BR was the traditional MLC algorithm most frequently selected (in about 30% of all runs) by both Auto-ML methods. Besides, Classifier Chain (CC), Four-Class Pairwise Classification (FW), and Pruned Sets with and without threshold (PS and PSt) were selected in total in 34.3% of all runs by \(\text {Auto-MEKA}_{\text {GGP}}\); whilst CC, Conditional Dependency Networks (CDN), LP and PSt were selected in total in 36.6% of all runs by GA-Auto-MLC. Note that the MLC algorithms most frequently selected by \(\text {Auto-MEKA}_{\text {GGP}}\) and GA-Auto-ML are broadly similar, which suggests that \(\text {Auto-MEKA}_{\text {GGP}}\)’s superior performance is partly due to a better exploration of the space of hyper-parameter settings of those most successful MLC algorithms. Finally, we observed that \(\text {Auto-MEKA}_{\text {GGP}}\) selected meta MLC algorithms in 53.3% of all runs, whilst GA-Auto-MLC selected meta MLC algorithms in only 27.4% of all runs.

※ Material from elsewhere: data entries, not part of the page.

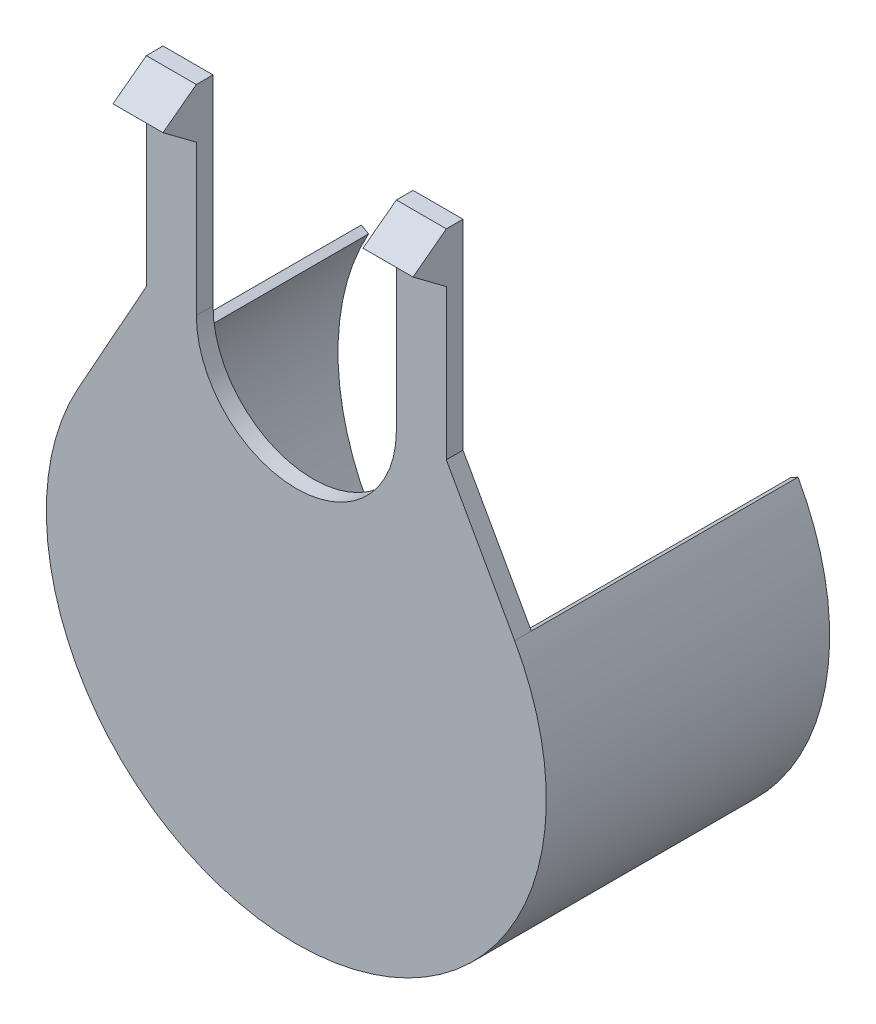
ISO-10303-21;
HEADER;
FILE_DESCRIPTION(('STEP AP214'),'2;1');
FILE_NAME('part.step','',(''),(''),'','','');
FILE_SCHEMA(('AUTOMOTIVE_DESIGN { 1 0 10303 214 1 1 1 1 }'));
ENDSEC;
DATA;
#1=APPLICATION_CONTEXT('core data for automotive mechanical design processes');
#2=APPLICATION_PROTOCOL_DEFINITION('international standard','automotive_design',2000,#1);
#3=PRODUCT_CONTEXT('',#1,'mechanical');
#4=PRODUCT('Part','Part','',(#3));
#5=PRODUCT_RELATED_PRODUCT_CATEGORY('part','',(#4));
#6=PRODUCT_DEFINITION_FORMATION('','',#4);
#7=PRODUCT_DEFINITION_CONTEXT('part definition',#1,'design');
#8=PRODUCT_DEFINITION('design','',#6,#7);
#9=PRODUCT_DEFINITION_SHAPE('','',#8);
#10=(LENGTH_UNIT() NAMED_UNIT(*) SI_UNIT(.MILLI.,.METRE.));
#11=(NAMED_UNIT(*) PLANE_ANGLE_UNIT() SI_UNIT($,.RADIAN.));
#12=(NAMED_UNIT(*) SI_UNIT($,.STERADIAN.) SOLID_ANGLE_UNIT());
#13=UNCERTAINTY_MEASURE_WITH_UNIT(LENGTH_MEASURE(1.E-05),#10,'distance_accuracy_value','');
#14=(GEOMETRIC_REPRESENTATION_CONTEXT(3) GLOBAL_UNCERTAINTY_ASSIGNED_CONTEXT((#13)) GLOBAL_UNIT_ASSIGNED_CONTEXT((#10,
#11,#12)) REPRESENTATION_CONTEXT('',''));
#15=CARTESIAN_POINT('',(0.,0.,0.));
#16=DIRECTION('',(0.,0.,1.));
#17=DIRECTION('',(1.,0.,0.));
#18=AXIS2_PLACEMENT_3D('',#15,#16,#17);
#19=CARTESIAN_POINT('',(0.,-73.2878763910552,5.));
#20=DIRECTION('',(0.,0.,1.));
#21=DIRECTION('',(1.,0.,0.));
#22=AXIS2_PLACEMENT_3D('',#19,#20,#21);
#23=PLANE('',#22);
#24=DIRECTION('',(0.,1.,0.));
#25=VECTOR('',#24,1.);
#26=CARTESIAN_POINT('',(-30.,0.,5.));
#27=LINE('',#26,#25);
#28=CARTESIAN_POINT('',(-30.,0.,5.));
#29=VERTEX_POINT('',#28);
#30=CARTESIAN_POINT('',(-30.,45.,5.));
#31=VERTEX_POINT('',#30);
#32=EDGE_CURVE('E48',#29,#31,#27,.T.);
#33=ORIENTED_EDGE('',*,*,#32,.T.);
#34=DIRECTION('',(-1.,0.,0.));
#35=VECTOR('',#34,1.);
#36=CARTESIAN_POINT('',(-30.,45.,5.));
#37=LINE('',#36,#35);
#38=CARTESIAN_POINT('',(-45.,45.,5.));
#39=VERTEX_POINT('',#38);
#40=EDGE_CURVE('E170',#31,#39,#37,.T.);
#41=ORIENTED_EDGE('',*,*,#40,.T.);
#42=DIRECTION('',(0.,-1.,0.));
#43=VECTOR('',#42,1.);
#44=CARTESIAN_POINT('',(-45.,0.,5.));
#45=LINE('',#44,#43);
#46=CARTESIAN_POINT('',(-45.,0.,5.));
#47=VERTEX_POINT('',#46);
#48=EDGE_CURVE('E304',#39,#47,#45,.T.);
#49=ORIENTED_EDGE('',*,*,#48,.T.);
#50=DIRECTION('',(-0.48711859933517,-0.873335828980892,0.));
#51=VECTOR('',#50,1.);
#52=CARTESIAN_POINT('',(-45.,0.,5.));
#53=LINE('',#52,#51);
#54=CARTESIAN_POINT('',(-65.5001871735669,-36.7539814409175,5.));
#55=VERTEX_POINT('',#54);
#56=EDGE_CURVE('E272',#47,#55,#53,.T.);
#57=ORIENTED_EDGE('',*,*,#56,.T.);
#58=CARTESIAN_POINT('',(0.,-73.2878763910552,5.));
#59=DIRECTION('',(0.,0.,1.));
#60=DIRECTION('',(1.,0.,0.));
#61=AXIS2_PLACEMENT_3D('',#58,#59,#60);
#62=CIRCLE('',#61,75.);
#63=CARTESIAN_POINT('',(65.500187173567,-36.7539814409175,5.));
#64=VERTEX_POINT('',#63);
#65=EDGE_CURVE('E250',#55,#64,#62,.T.);
#66=ORIENTED_EDGE('',*,*,#65,.T.);
#67=DIRECTION('',(-0.48711859933517,0.873335828980892,0.));
#68=VECTOR('',#67,1.);
#69=CARTESIAN_POINT('',(45.,0.,5.));
#70=LINE('',#69,#68);
#71=CARTESIAN_POINT('',(45.,0.,5.));
#72=VERTEX_POINT('',#71);
#73=EDGE_CURVE('E276',#64,#72,#70,.T.);
#74=ORIENTED_EDGE('',*,*,#73,.T.);
#75=DIRECTION('',(0.,1.,0.));
#76=VECTOR('',#75,1.);
#77=CARTESIAN_POINT('',(45.,0.,5.));
#78=LINE('',#77,#76);
#79=CARTESIAN_POINT('',(45.,45.,5.));
#80=VERTEX_POINT('',#79);
#81=EDGE_CURVE('E278',#72,#80,#78,.T.);
#82=ORIENTED_EDGE('',*,*,#81,.T.);
#83=DIRECTION('',(1.,0.,0.));
#84=VECTOR('',#83,1.);
#85=CARTESIAN_POINT('',(30.,45.,5.));
#86=LINE('',#85,#84);
#87=CARTESIAN_POINT('',(30.,45.,5.));
#88=VERTEX_POINT('',#87);
#89=EDGE_CURVE('E201',#88,#80,#86,.T.);
#90=ORIENTED_EDGE('',*,*,#89,.F.);
#91=DIRECTION('',(0.,-1.,0.));
#92=VECTOR('',#91,1.);
#93=CARTESIAN_POINT('',(30.,0.,5.));
#94=LINE('',#93,#92);
#95=CARTESIAN_POINT('',(30.,0.,5.));
#96=VERTEX_POINT('',#95);
#97=EDGE_CURVE('E206',#88,#96,#94,.T.);
#98=ORIENTED_EDGE('',*,*,#97,.T.);
#99=CARTESIAN_POINT('',(0.,0.,5.));
#100=DIRECTION('',(0.,0.,-1.));
#101=DIRECTION('',(1.,0.,0.));
#102=AXIS2_PLACEMENT_3D('',#99,#100,#101);
#103=CIRCLE('',#102,30.);
#104=EDGE_CURVE('E323',#96,#29,#103,.T.);
#105=ORIENTED_EDGE('',*,*,#104,.T.);
#106=EDGE_LOOP('',(#33,#41,#49,#57,#66,#74,#82,#90,#98,#105));
#107=FACE_BOUND('',#106,.T.);
#108=ADVANCED_FACE('F33',(#107),#23,.T.);
#109=CARTESIAN_POINT('',(0.,-73.2878763910552,0.));
#110=DIRECTION('',(0.,0.,1.));
#111=DIRECTION('',(1.,0.,0.));
#112=AXIS2_PLACEMENT_3D('',#109,#110,#111);
#113=PLANE('',#112);
#114=DIRECTION('',(0.873335828980892,0.48711859933517,0.));
#115=VECTOR('',#114,1.);
#116=CARTESIAN_POINT('',(65.500187173567,-36.7539814409175,0.));
#117=LINE('',#116,#115);
#118=CARTESIAN_POINT('',(60.696840114172,-39.4331337372609,0.));
#119=VERTEX_POINT('',#118);
#120=CARTESIAN_POINT('',(65.500187173567,-36.7539814409175,0.));
#121=VERTEX_POINT('',#120);
#122=EDGE_CURVE('E56',#119,#121,#117,.T.);
#123=ORIENTED_EDGE('',*,*,#122,.F.);
#124=CARTESIAN_POINT('',(0.,-73.2878763910552,0.));
#125=DIRECTION('',(0.,0.,1.));
#126=DIRECTION('',(1.,0.,0.));
#127=AXIS2_PLACEMENT_3D('',#124,#125,#126);
#128=CIRCLE('',#127,69.5);
#129=CARTESIAN_POINT('',(-60.696840114172,-39.4331337372609,0.));
#130=VERTEX_POINT('',#129);
#131=EDGE_CURVE('E220',#119,#130,#128,.F.);
#132=ORIENTED_EDGE('',*,*,#131,.T.);
#133=DIRECTION('',(0.873335828980893,-0.487118599335168,0.));
#134=VECTOR('',#133,1.);
#135=CARTESIAN_POINT('',(-63.3168476011147,-37.9717779392554,0.));
#136=LINE('',#135,#134);
#137=CARTESIAN_POINT('',(-65.5001871735669,-36.7539814409175,0.));
#138=VERTEX_POINT('',#137);
#139=EDGE_CURVE('E205',#138,#130,#136,.T.);
#140=ORIENTED_EDGE('',*,*,#139,.F.);
#141=DIRECTION('',(-0.48711859933517,-0.873335828980892,0.));
#142=VECTOR('',#141,1.);
#143=CARTESIAN_POINT('',(-45.,0.,0.));
#144=LINE('',#143,#142);
#145=CARTESIAN_POINT('',(-45.,0.,0.));
#146=VERTEX_POINT('',#145);
#147=EDGE_CURVE('E239',#146,#138,#144,.T.);
#148=ORIENTED_EDGE('',*,*,#147,.F.);
#149=DIRECTION('',(0.,-1.,0.));
#150=VECTOR('',#149,1.);
#151=CARTESIAN_POINT('',(-45.,0.,0.));
#152=LINE('',#151,#150);
#153=CARTESIAN_POINT('',(-45.,60.,0.));
#154=VERTEX_POINT('',#153);
#155=EDGE_CURVE('E274',#154,#146,#152,.T.);
#156=ORIENTED_EDGE('',*,*,#155,.F.);
#157=DIRECTION('',(-1.,0.,0.));
#158=VECTOR('',#157,1.);
#159=CARTESIAN_POINT('',(-45.,60.,0.));
#160=LINE('',#159,#158);
#161=CARTESIAN_POINT('',(-30.,60.,0.));
#162=VERTEX_POINT('',#161);
#163=EDGE_CURVE('E306',#162,#154,#160,.T.);
#164=ORIENTED_EDGE('',*,*,#163,.F.);
#165=DIRECTION('',(0.,1.,0.));
#166=VECTOR('',#165,1.);
#167=CARTESIAN_POINT('',(-30.,0.,0.));
#168=LINE('',#167,#166);
#169=CARTESIAN_POINT('',(-30.,0.,0.));
#170=VERTEX_POINT('',#169);
#171=EDGE_CURVE('E308',#170,#162,#168,.T.);
#172=ORIENTED_EDGE('',*,*,#171,.F.);
#173=CARTESIAN_POINT('',(0.,0.,0.));
#174=DIRECTION('',(0.,0.,-1.));
#175=DIRECTION('',(1.,0.,0.));
#176=AXIS2_PLACEMENT_3D('',#173,#174,#175);
#177=CIRCLE('',#176,30.);
#178=CARTESIAN_POINT('',(30.,0.,0.));
#179=VERTEX_POINT('',#178);
#180=EDGE_CURVE('E310',#179,#170,#177,.T.);
#181=ORIENTED_EDGE('',*,*,#180,.F.);
#182=DIRECTION('',(0.,-1.,0.));
#183=VECTOR('',#182,1.);
#184=CARTESIAN_POINT('',(30.,0.,0.));
#185=LINE('',#184,#183);
#186=CARTESIAN_POINT('',(30.,60.,0.));
#187=VERTEX_POINT('',#186);
#188=EDGE_CURVE('E312',#187,#179,#185,.T.);
#189=ORIENTED_EDGE('',*,*,#188,.F.);
#190=DIRECTION('',(-1.,0.,0.));
#191=VECTOR('',#190,1.);
#192=CARTESIAN_POINT('',(45.,60.,0.));
#193=LINE('',#192,#191);
#194=CARTESIAN_POINT('',(45.,60.,0.));
#195=VERTEX_POINT('',#194);
#196=EDGE_CURVE('E314',#195,#187,#193,.T.);
#197=ORIENTED_EDGE('',*,*,#196,.F.);
#198=DIRECTION('',(0.,1.,0.));
#199=VECTOR('',#198,1.);
#200=CARTESIAN_POINT('',(45.,0.,0.));
#201=LINE('',#200,#199);
#202=CARTESIAN_POINT('',(45.,0.,0.));
#203=VERTEX_POINT('',#202);
#204=EDGE_CURVE('E316',#203,#195,#201,.T.);
#205=ORIENTED_EDGE('',*,*,#204,.F.);
#206=DIRECTION('',(-0.48711859933517,0.873335828980892,0.));
#207=VECTOR('',#206,1.);
#208=CARTESIAN_POINT('',(45.,0.,0.));
#209=LINE('',#208,#207);
#210=EDGE_CURVE('E260',#121,#203,#209,.T.);
#211=ORIENTED_EDGE('',*,*,#210,.F.);
#212=EDGE_LOOP('',(#123,#132,#140,#148,#156,#164,#172,#181,#189,#197,#205,#211));
#213=FACE_BOUND('',#212,.T.);
#214=ADVANCED_FACE('F234',(#213),#113,.F.);
#215=CARTESIAN_POINT('',(-45.,0.,5.));
#216=DIRECTION('',(0.873335828980892,-0.48711859933517,0.));
#217=DIRECTION('',(0.48711859933517,0.873335828980893,0.));
#218=AXIS2_PLACEMENT_3D('',#215,#216,#217);
#219=PLANE('',#218);
#220=ORIENTED_EDGE('',*,*,#147,.T.);
#221=DIRECTION('',(0.,0.,-1.));
#222=VECTOR('',#221,1.);
#223=CARTESIAN_POINT('',(-65.5001871735669,-36.7539814409175,5.));
#224=LINE('',#223,#222);
#225=EDGE_CURVE('E221',#55,#138,#224,.T.);
#226=ORIENTED_EDGE('',*,*,#225,.F.);
#227=ORIENTED_EDGE('',*,*,#56,.F.);
#228=DIRECTION('',(0.,0.,-1.));
#229=VECTOR('',#228,1.);
#230=CARTESIAN_POINT('',(-45.,0.,5.));
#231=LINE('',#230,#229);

5 Conclusions and Future Work

This paper introduced \(\text {Auto-MEKA}_{\text {GGP}}\), a new grammar-based genetic programming method for automatically selecting the best Multi-Label Classification (MLC) algorithm and its hyper-parameter settings for an input dataset. \(\text {Auto-MEKA}_{\text {GGP}}\) uses a grammar representing prior knowledge about MLC algorithms, restricting its search space to valid solutions.

\(\text {Auto-MEKA}_{\text {GGP}}\) was compared to two well-known MLC algorithms – Binary Relevance (BR) and Classifier Chain (CC) – and to GA-Auto-ML, a GA we recently proposed to solve this task [2]. We tested \(\text {Auto-MEKA}_{\text {GGP}}\) with the full version of the proposed grammar and with a simplified grammar version which has the same search space (candidate MLC algorithms and their hyper-parameters) as GA-Auto-ML. Overall, the full version of \(\text {Auto-MEKA}_{\text {GGP}}\) obtained the highest predictive accuracy among all five tested methods, being the winner in six out of the 10 datasets. Also, both versions of \(\text {Auto-MEKA}_{\text {GGP}}\), as well as GA-Auto-ML, obtained statistically significantly higher accuracies than BR and CC.

In future work we plan to extend \(\text {Auto-MEKA}_{\text {GGP}}\) to search for MLC pipelines too. This means to search for the best combination of MLC algorithms, data preprocessing and post-processing methods, and their respective hyper-parameters.